[PROBLEM TO SOLVE]
Return, word for word, the lines running from the one that contains "#32371 = PLANE" to the final line of the listing below.
————
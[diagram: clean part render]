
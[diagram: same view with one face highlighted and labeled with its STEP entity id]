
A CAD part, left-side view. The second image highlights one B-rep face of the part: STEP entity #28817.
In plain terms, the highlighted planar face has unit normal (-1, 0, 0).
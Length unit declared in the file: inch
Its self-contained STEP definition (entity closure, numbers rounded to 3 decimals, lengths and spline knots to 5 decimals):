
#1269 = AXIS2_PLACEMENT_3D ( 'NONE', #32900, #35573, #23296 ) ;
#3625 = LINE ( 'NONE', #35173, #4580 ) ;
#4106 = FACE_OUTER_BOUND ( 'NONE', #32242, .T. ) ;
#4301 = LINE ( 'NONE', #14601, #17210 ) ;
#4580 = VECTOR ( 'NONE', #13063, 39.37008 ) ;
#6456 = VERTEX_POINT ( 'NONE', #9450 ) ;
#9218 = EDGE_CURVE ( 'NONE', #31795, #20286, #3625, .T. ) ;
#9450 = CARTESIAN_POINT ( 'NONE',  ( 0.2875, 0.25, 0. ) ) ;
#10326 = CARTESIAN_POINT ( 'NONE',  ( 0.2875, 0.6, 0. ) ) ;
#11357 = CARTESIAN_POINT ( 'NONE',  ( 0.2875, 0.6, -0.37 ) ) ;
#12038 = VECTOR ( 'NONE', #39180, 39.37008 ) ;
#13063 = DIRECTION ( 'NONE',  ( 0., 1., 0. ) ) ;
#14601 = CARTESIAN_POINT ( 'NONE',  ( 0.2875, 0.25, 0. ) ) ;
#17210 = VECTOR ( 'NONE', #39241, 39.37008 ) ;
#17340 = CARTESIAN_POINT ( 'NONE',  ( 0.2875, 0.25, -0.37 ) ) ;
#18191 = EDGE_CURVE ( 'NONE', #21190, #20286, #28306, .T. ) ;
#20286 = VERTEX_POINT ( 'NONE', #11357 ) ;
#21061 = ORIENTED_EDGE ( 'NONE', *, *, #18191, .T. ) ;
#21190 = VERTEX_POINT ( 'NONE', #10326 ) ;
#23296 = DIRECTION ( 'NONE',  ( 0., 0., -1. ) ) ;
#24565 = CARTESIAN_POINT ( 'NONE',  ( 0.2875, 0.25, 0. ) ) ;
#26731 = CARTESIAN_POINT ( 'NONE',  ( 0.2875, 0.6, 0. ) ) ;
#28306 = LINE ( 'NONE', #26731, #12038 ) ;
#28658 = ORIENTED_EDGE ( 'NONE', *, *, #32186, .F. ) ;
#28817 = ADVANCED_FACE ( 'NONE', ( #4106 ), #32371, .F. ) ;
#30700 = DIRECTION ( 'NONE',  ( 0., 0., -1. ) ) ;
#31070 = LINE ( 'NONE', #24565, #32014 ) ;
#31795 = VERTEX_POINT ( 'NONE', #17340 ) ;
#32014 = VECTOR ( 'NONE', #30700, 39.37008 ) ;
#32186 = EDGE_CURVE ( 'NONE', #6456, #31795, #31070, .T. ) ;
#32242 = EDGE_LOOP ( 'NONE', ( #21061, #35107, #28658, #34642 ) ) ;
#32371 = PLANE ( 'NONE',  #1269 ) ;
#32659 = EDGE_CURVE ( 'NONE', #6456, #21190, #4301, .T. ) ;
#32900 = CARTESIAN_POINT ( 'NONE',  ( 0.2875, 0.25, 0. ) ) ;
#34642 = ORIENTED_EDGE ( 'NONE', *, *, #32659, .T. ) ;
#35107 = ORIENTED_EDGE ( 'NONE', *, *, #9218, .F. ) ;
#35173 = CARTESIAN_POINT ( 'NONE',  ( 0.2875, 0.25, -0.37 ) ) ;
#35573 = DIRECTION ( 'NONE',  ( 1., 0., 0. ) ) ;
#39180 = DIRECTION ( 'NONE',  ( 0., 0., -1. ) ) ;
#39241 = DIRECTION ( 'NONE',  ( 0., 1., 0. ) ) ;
————
[EXPECTED ANSWER]
#32371 = PLANE ( 'NONE',  #1269 ) ;
#32659 = EDGE_CURVE ( 'NONE', #6456, #21190, #4301, .T. ) ;
#32900 = CARTESIAN_POINT ( 'NONE',  ( 0.2875, 0.25, 0. ) ) ;
#34642 = ORIENTED_EDGE ( 'NONE', *, *, #32659, .T. ) ;
#35107 = ORIENTED_EDGE ( 'NONE', *, *, #9218, .F. ) ;
#35173 = CARTESIAN_POINT ( 'NONE',  ( 0.2875, 0.25, -0.37 ) ) ;
#35573 = DIRECTION ( 'NONE',  ( 1., 0., 0. ) ) ;
#39180 = DIRECTION ( 'NONE',  ( 0., 0., -1. ) ) ;
#39241 = DIRECTION ( 'NONE',  ( 0., 1., 0. ) ) ;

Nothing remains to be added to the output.